Minor upgrade with Wix Patching


I have an installer for Wix which installs the program to be version I have successfully made patches to achieve the following upgrading:

1.0.0 -> 1.0.1

1.0.0 -> 1.0.2

1.0.1 -> 1.0.2

This works I've had to make new .msp files from 1.0.0 to the target build number each time. So from my understanding how the patching works behind the scenes, is that if I had initially a patch from 1.0.0 to 1.0.1 then I created a new on to go from 1.0.0 to 1.0.2, if I were to run the new patch, the old patch would be uninstalled and the new one would replace it.

If my understanding is correct then this means that patch files would continue to increase in size the more you change code, so I would like a solution to counter this, where at some point I would increment the minor version, and start the patching process over.

For example I would like to do this:

1.0.0 -> 1.0.12 could be handle with patch1.msp. Then I create a patch2.msp which would start creating patches based off of version 1.0.12. An example upgrade path might then look like:

1.0.0 -> patch1.msp -> 1.0.12 -> patch2.msp -> 1.1.0 -> patch3.msp 1.1.0 -> 1.1.x

Is there any way to accomplish this? Or would I need to reinstall with a .msi file and continue to patch from there?


Solution

  • First, installing a superseding MSP does not remove superseded MSPs. The superseded MSP is simply marked as superseded (inactive). Should you later remove the superseding MSP, the previously superseded MSP is reactivated.

    In order to remove MSPs, you need to use the older obsolescence method, but I really don't recommend that. Not only is it difficult to manage, it also means that, for example, if you fixed a security bug in a previous patch that was removed, when the newer obsolescing patch is removed the security hole is unpatched. That's the beautify of supersedence, which has been around since MSI 3.0.

    To your question, though, I don't recommend it. It's best that MSPs target the baseline. Yes, they could potentially get a little bigger, but only if you're adding content. If newer versions are just updating sets of files or other resources, an MSP targeting a single MSI should never grow larger than the base MSI (well, MSI + external CABs, since CABs are embedded in the MSPs and always should be). See https://blogs.msdn.microsoft.com/heaths/2007/03/30/small-updates-should-usually-target-a-single-baseline/ for more about small update MSPs, and https://blogs.msdn.microsoft.com/heaths/2006/06/14/cumulative-service-packs-with-minorupdatetargetrtm/ for how to support targeting a single baseline with minor update MSPs.

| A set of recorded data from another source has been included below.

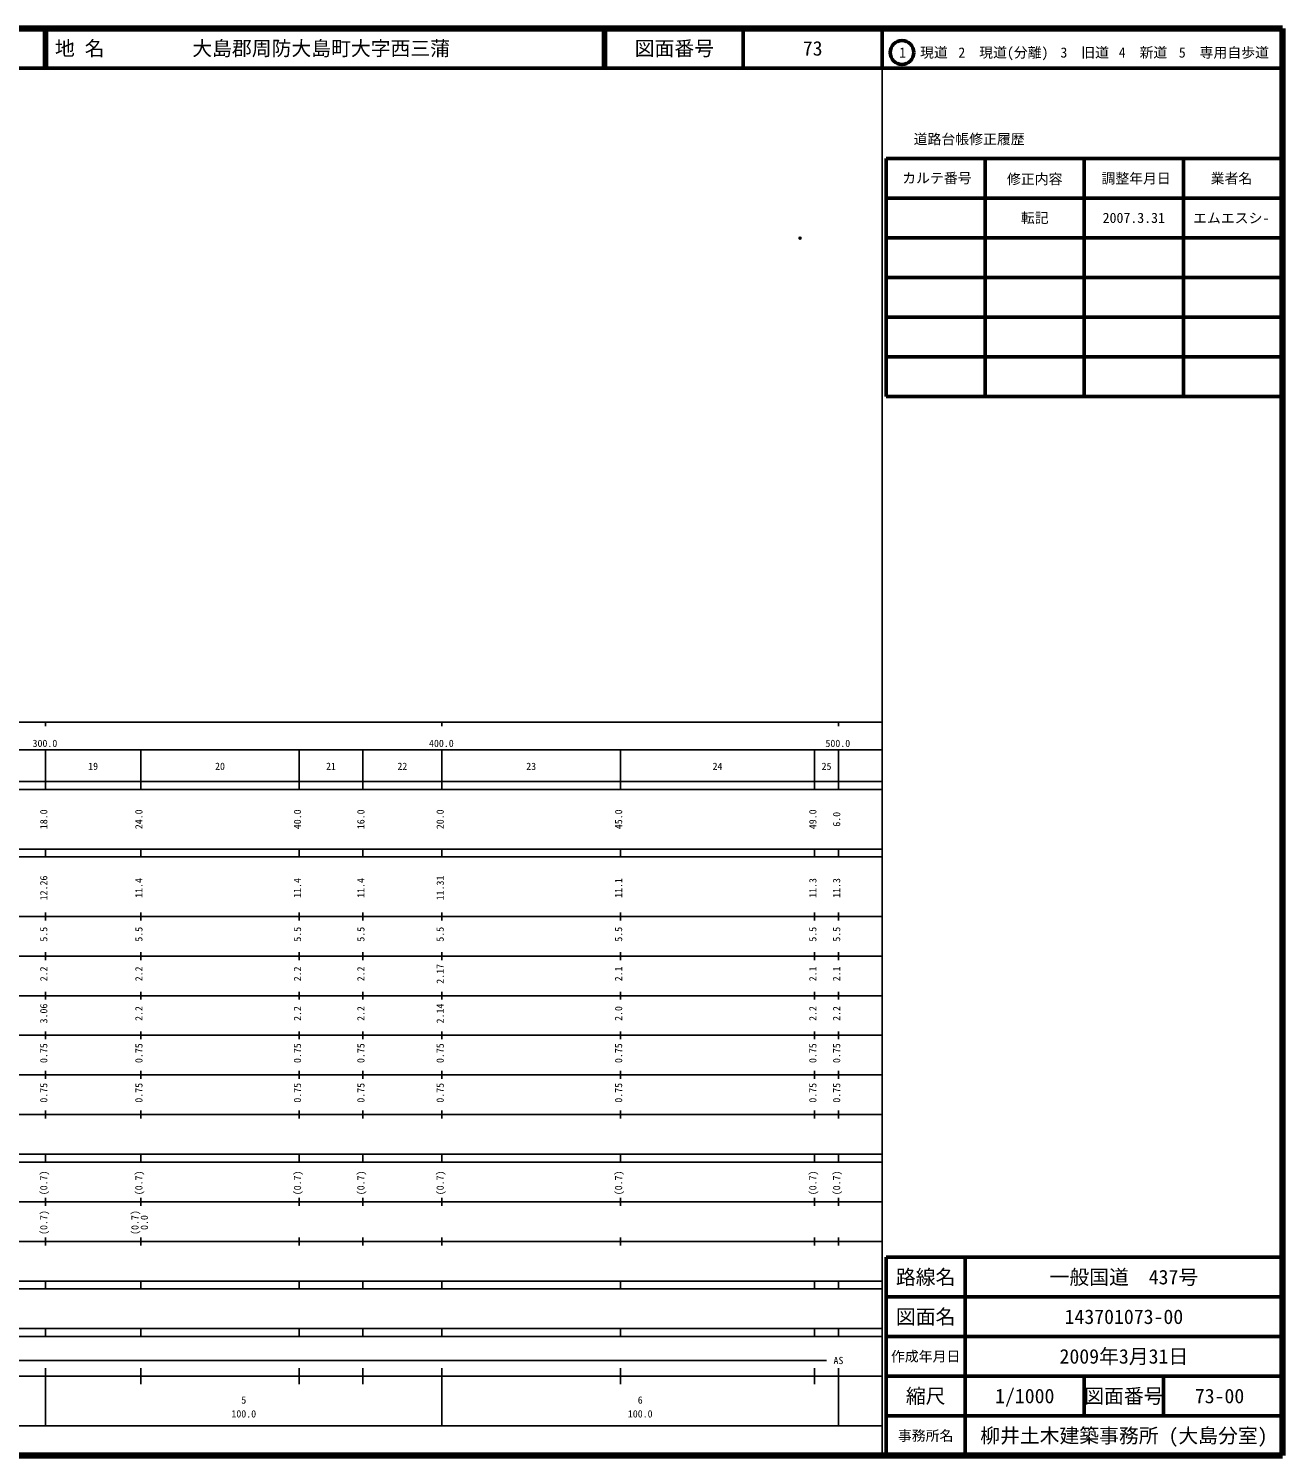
# Model space of a CAD drawing. Units: millimetres on the paper. Extents: x 40 to 680, y 20 to 380.
# Drawn here: x 363.7 to 680, y 20 to 380 of the extents above; entities that cross this region are included whole.
import ezdxf
from ezdxf.enums import TextEntityAlignment as Align

# ---------------------------------------------------------------- set-up
doc = ezdxf.new("R2010")
doc.units = ezdxf.units.MM
doc.header["$PDMODE"] = 32
doc.header["$PDSIZE"] = 0.5
doc.layers.add('M-OTRS', color=6, linetype='Continuous')
doc.layers.add('M-TTL-TXT', color=7, linetype='Continuous')
for name, color, linetype, lineweight in [('M-TTL', 2, 'Continuous', 140), ('M-TTL-BAND', 7, 'Continuous', 25), ('M-TTL-FRAM', 2, 'Continuous', 50), ('M-TTL-LINE', 7, 'Continuous', 50)]:
    doc.layers.add(name, color=color, linetype=linetype, lineweight=lineweight)
doc.styles.add('ＭＳ ゴシック', font='')
doc.styles.get('ＭＳ ゴシック').set_extended_font_data('MS Gothic')

msp = doc.modelspace()

# ---------------------------------------------------------------- linework, layer by layer
at = {"layer": 'M-OTRS'}
msp.add_point((558.312, 327.146), dxfattribs=at)
at = {"layer": 'M-TTL'}
for p, q in [((680, 380), (40, 380)), ((680, 20), (680, 380)), ((40, 20), (680, 20))]:
    msp.add_line(p, q, dxfattribs=at)
at = {"layer": 'M-TTL-BAND'}
for p, q in [((579, 20), (579, 370)), ((40, 205), (579, 205)), ((368, 205), (368, 204)), ((468, 205), (468, 204)), ((568, 205), (568, 204)), ((68, 198), (579, 198)), ((368, 188), (368, 198)), ((392, 188), (392, 198)), ((432, 188), (432, 198)), ((448, 188), (448, 198)), ((468, 188), (468, 198)), ((513, 188), (513, 198)), ((562, 188), (562, 198)), ((568, 188), (568, 198)), ((40, 190), (579, 190)), ((40, 188), (579, 188)), ((40, 173), (579, 173)), ((368, 171), (368, 173)), ((392, 171), (392, 173)), ((432, 171), (432, 173)), ((448, 171), (448, 173)), ((468, 171), (468, 173)), ((513, 171), (513, 173)), ((562, 171), (562, 173)), ((568, 171), (568, 173)), ((40, 171), (579, 171)), ((40, 156), (579, 156)), ((368, 155), (368, 157)), ((392, 155), (392, 157)), ((432, 155), (432, 157)), ((448, 155), (448, 157)), ((468, 155), (468, 157)), ((513, 155), (513, 157)), ((562, 155), (562, 157)), ((568, 155), (568, 157)), ((46, 146), (579, 146)), ((368, 145), (368, 147)), ((392, 145), (392, 147)), ((432, 145), (432, 147)), ((448, 145), (448, 147)), ((468, 145), (468, 147)), ((513, 145), (513, 147)), ((562, 145), (562, 147)), ((568, 145), (568, 147)), ((368, 135), (368, 137)), ((392, 135), (392, 137)), ((432, 135), (432, 137)), ((448, 135), (448, 137)), ((468, 135), (468, 137)), ((513, 135), (513, 137)), ((562, 135), (562, 137)), ((568, 135), (568, 137)), ((52, 136), (579, 136)), ((46, 126), (579, 126)), ((368, 125), (368, 127)), ((392, 125), (392, 127)), ((432, 125), (432, 127)), ((448, 125), (448, 127)), ((468, 125), (468, 127)), ((513, 125), (513, 127)), ((562, 125), (562, 127)), ((568, 125), (568, 127)), ((52, 116), (579, 116)), ((368, 115), (368, 117)), ((392, 115), (392, 117)), ((432, 115), (432, 117)), ((448, 115), (448, 117)), ((468, 115), (468, 117)), ((513, 115), (513, 117)), ((562, 115), (562, 117)), ((568, 115), (568, 117)), ((46, 106), (579, 106)), ((368, 105), (368, 107)), ((392, 105), (392, 107)), ((432, 105), (432, 107)), ((448, 105), (448, 107)), ((468, 105), (468, 107)), ((513, 105), (513, 107)), ((562, 105), (562, 107)), ((568, 105), (568, 107)), ((40, 96), (579, 96)), ((40, 94), (579, 94)), ((368, 94), (368, 96)), ((392, 94), (392, 96)), ((432, 94), (432, 96)), ((448, 94), (448, 96)), ((468, 94), (468, 96)), ((513, 94), (513, 96)), ((562, 94), (562, 96)), ((568, 94), (568, 96)), ((49, 84), (579, 84)), ((368, 83), (368, 85)), ((392, 83), (392, 85)), ((432, 83), (432, 85)), ((448, 83), (448, 85)), ((468, 83), (468, 85)), ((513, 83), (513, 85)), ((562, 83), (562, 85)), ((568, 83), (568, 85)), ((40, 74), (579, 74)), ((368, 73), (368, 75)), ((392, 73), (392, 75)), ((432, 73), (432, 75)), ((448, 73), (448, 75)), ((468, 73), (468, 75)), ((513, 73), (513, 75)), ((562, 73), (562, 75)), ((568, 73), (568, 75)), ((40, 64), (579, 64)), ((40, 62), (579, 62)), ((368, 62), (368, 64)), ((392, 62), (392, 64)), ((432, 62), (432, 64)), ((448, 62), (448, 64)), ((468, 62), (468, 64)), ((513, 62), (513, 64)), ((562, 62), (562, 64)), ((568, 62), (568, 64)), ((40, 52), (579, 52)), ((368, 50), (368, 52)), ((392, 50), (392, 52)), ((432, 50), (432, 52)), ((448, 50), (448, 52)), ((468, 50), (468, 52)), ((513, 50), (513, 52)), ((562, 50), (562, 52)), ((568, 50), (568, 52)), ((40, 50), (579, 50)), ((71, 44), (565, 44)), ((40, 40), (579, 40)), ((368, 27.5), (368, 42)), ((392, 38), (392, 42)), ((432, 38), (432, 42)), ((448, 38), (448, 42)), ((468, 27.5), (468, 42)), ((513, 38), (513, 42)), ((562, 38), (562, 42)), ((568, 27.5), (568, 42)), ((68, 27.5), (579, 27.5))]:
    msp.add_line(p, q, dxfattribs=at)
at = {"layer": 'M-TTL-FRAM'}
for p, q in [((580, 347.197), (580, 287.197)), ((580, 347.197), (680, 347.197)), ((580, 287.197), (680, 287.197)), ((680, 70), (580, 70)), ((580, 70), (580, 20))]:
    msp.add_line(p, q, dxfattribs=at)
at = {"layer": 'M-TTL-LINE'}
for p, q in [((367.75, 380), (367.75, 370)), ((368.25, 380), (368.25, 370)), ((508.747, 380), (508.747, 370)), ((509.247, 380), (509.247, 370)), ((543.997, 380), (543.997, 370)), ((579, 380), (579, 370)), ((40, 370), (680, 370)), ((605, 347.197), (605, 287.197)), ((630, 347.197), (630, 287.197)), ((655, 347.197), (655, 287.197)), ((580, 337.197), (680, 337.197)), ((580, 327.197), (680, 327.197)), ((580, 317.197), (680, 317.197)), ((580, 307.197), (680, 307.197)), ((580, 297.197), (680, 297.197)), ((600, 70), (600, 20)), ((680, 60), (580, 60)), ((680, 50), (580, 50)), ((680, 40), (580, 40)), ((630, 40), (630, 30)), ((650, 40), (650, 30)), ((680, 30), (580, 30))]:
    msp.add_line(p, q, dxfattribs=at)
msp.add_circle((584.031, 373.958), 3, dxfattribs=at)

# ---------------------------------------------------------------- texts
at = {"layer": 'M-TTL-BAND', "style": 'ＭＳ ゴシック'}
for s, p in [('300.0', (367.844, 198.195)), ('400.0', (467.844, 198.195)), ('500.0', (567.844, 198.195)), ('19', (380, 192.405)), ('20', (412, 192.405)), ('21', (440, 192.405)), ('22', (458, 192.405)), ('23', (490.5, 192.405)), ('24', (537.5, 192.405)), ('25', (565, 192.405)), ('AS', (568, 42.5)), ('5', (418, 32.523)), ('6', (518, 32.523)), ('100.0', (418, 29.033)), ('100.0', (518, 29.033))]:
    msp.add_text(s, height=1.833, dxfattribs=at).set_placement(p, align=Align.BOTTOM_CENTER)
for s, p in [('18.0', (369, 180.5)), ('24.0', (393, 180.5)), ('40.0', (433, 180.5)), ('16.0', (449, 180.5)), ('20.0', (469, 180.5)), ('45.0', (514, 180.5)), ('49.0', (563, 180.5)), ('6.0', (569, 180.5)), ('12.26', (369, 163.174)), ('11.31', (469, 163.174)), ('11.4', (393, 163.174)), ('11.4', (433, 163.174)), ('11.4', (449, 163.174)), ('11.1', (514, 163.174)), ('11.3', (563, 163.174)), ('11.3', (569, 163.174)), ('5.5', (369, 151.5)), ('5.5', (393, 151.5)), ('5.5', (433, 151.5)), ('5.5', (449, 151.5)), ('5.5', (469, 151.5)), ('5.5', (514, 151.5)), ('5.5', (563, 151.5)), ('5.5', (569, 151.5)), ('2.2', (369, 141.5)), ('2.2', (393, 141.5)), ('2.2', (433, 141.5)), ('2.2', (449, 141.5)), ('2.17', (469, 141.5)), ('2.1', (514, 141.5)), ('2.1', (563, 141.5)), ('2.1', (569, 141.5)), ('3.06', (369, 131.5)), ('2.2', (393, 131.5)), ('2.2', (433, 131.5)), ('2.2', (449, 131.5)), ('2.14', (469, 131.5)), ('2.0', (514, 131.5)), ('2.2', (563, 131.5)), ('2.2', (569, 131.5)), ('0.75', (369, 121.5)), ('0.75', (393, 121.5)), ('0.75', (433, 121.5)), ('0.75', (449, 121.5)), ('0.75', (469, 121.5)), ('0.75', (514, 121.5)), ('0.75', (563, 121.5)), ('0.75', (569, 121.5)), ('0.75', (369, 111.5)), ('0.75', (393, 111.5)), ('0.75', (433, 111.5)), ('0.75', (449, 111.5)), ('0.75', (469, 111.5)), ('0.75', (514, 111.5)), ('0.75', (563, 111.5)), ('0.75', (569, 111.5)), ('(0.7)', (369, 88.764)), ('(0.7)', (393, 88.764)), ('(0.7)', (433, 88.764)), ('(0.7)', (449, 88.764)), ('(0.7)', (469, 88.764)), ('(0.7)', (514, 88.764)), ('(0.7)', (563, 88.764)), ('(0.7)', (569, 88.764)), ('(0.7)', (369, 78.764)), ('(0.7)', (392, 78.764)), ('0.0', (394.37, 78.764))]:
    msp.add_text(s, height=1.833, rotation=90, dxfattribs=at).set_placement(p, align=Align.BOTTOM_CENTER)
at = {"layer": 'M-TTL-TXT', "style": 'ＭＳ ゴシック'}
for s, p in [('地 名', (370.38, 375)), ('大島郡周防大島町大字西三蒲', (405.024, 375))]:
    msp.add_text(s, height=3.666, dxfattribs=at).set_placement(p, align=Align.MIDDLE_LEFT)
for s, height, p in [('図面番号', 3.666, (526.622, 375)), ('73', 3.666, (561.497, 375)), ('1\u3000現道', 2.566, (589.448, 373.958)), ('2\u3000現道(分離)', 2.566, (609.619, 373.958)), ('3\u3000旧道', 2.566, (630.121, 373.958)), ('4\u3000新道', 2.566, (644.824, 373.958)), ('5\u3000専用自歩道', 2.566, (665.228, 373.958)), ('道路台帳修正履歴', 2.566, (600.968, 352.113)), ('カルテ番号', 2.566, (592.839, 342.277)), ('修正内容', 2.566, (617.509, 342.023)), ('調整年月日', 2.566, (643.089, 342.197)), ('業者名', 2.566, (667.134, 342.197)), ('転記', 2.566, (617.5, 332.245)), ('2007.3.31', 2.566, (642.5, 332.245)), ('エムエスシ-', 2.566, (667.077, 332.189)), ('路線名', 3.666, (590, 65)), ('路線名', 3.666, (590, 65)), ('一般国道\u3000437号', 3.666, (640, 65)), ('図面名', 3.666, (590, 55)), ('図面名', 3.666, (590, 55)), ('143701073-00', 3.666, (640, 55)), ('2009年3月31日', 3.666, (640, 45)), ('作成年月日', 2.566, (590, 45)), ('作成年月日', 2.566, (590, 45)), ('縮尺', 3.666, (590, 35)), ('縮尺', 3.666, (590, 35)), ('1/1000', 3.666, (615, 35)), ('図面番号', 3.666, (640, 35)), ('図面番号', 3.666, (640, 35)), ('73-00', 3.666, (664.125, 35)), ('事務所名', 2.566, (590, 25)), ('事務所名', 2.566, (590, 25)), ('柳井土木建築事務所 (大島分室)', 3.666, (640, 25))]:
    msp.add_text(s, height=height, dxfattribs=at).set_placement(p, align=Align.MIDDLE_CENTER)

doc.saveas('drawing.dxf')

    It is possible, though. You need to save the upgrade MSIs when building each patch, so when you create your 1.0.1 MSI to effectively diff against 1.0.0 to build your MSP, then when you build your next MSP you need to diff 1.0.1 against 1.0.2. These MSPs must be minor update MSPs, though. That means that the ProductVersion property is included in the patch authoring transform; otherwise, the MSI 1.0.0 + MSP 1.0.1 view won't change the ProductVersion, so MSP 1.0.2 would never be applicable. You should start to see where this gets difficult to maintain for you (not to mention forces the customer to have to install every previous version MSP, which is not a great experience for them either if they are just starting out from your RTM).

    In summation, keep it easy for your customers. Just target the same baseline using the MinorUpdateTargetRTM property in the MsiPatchMetadata table of the MSP itself.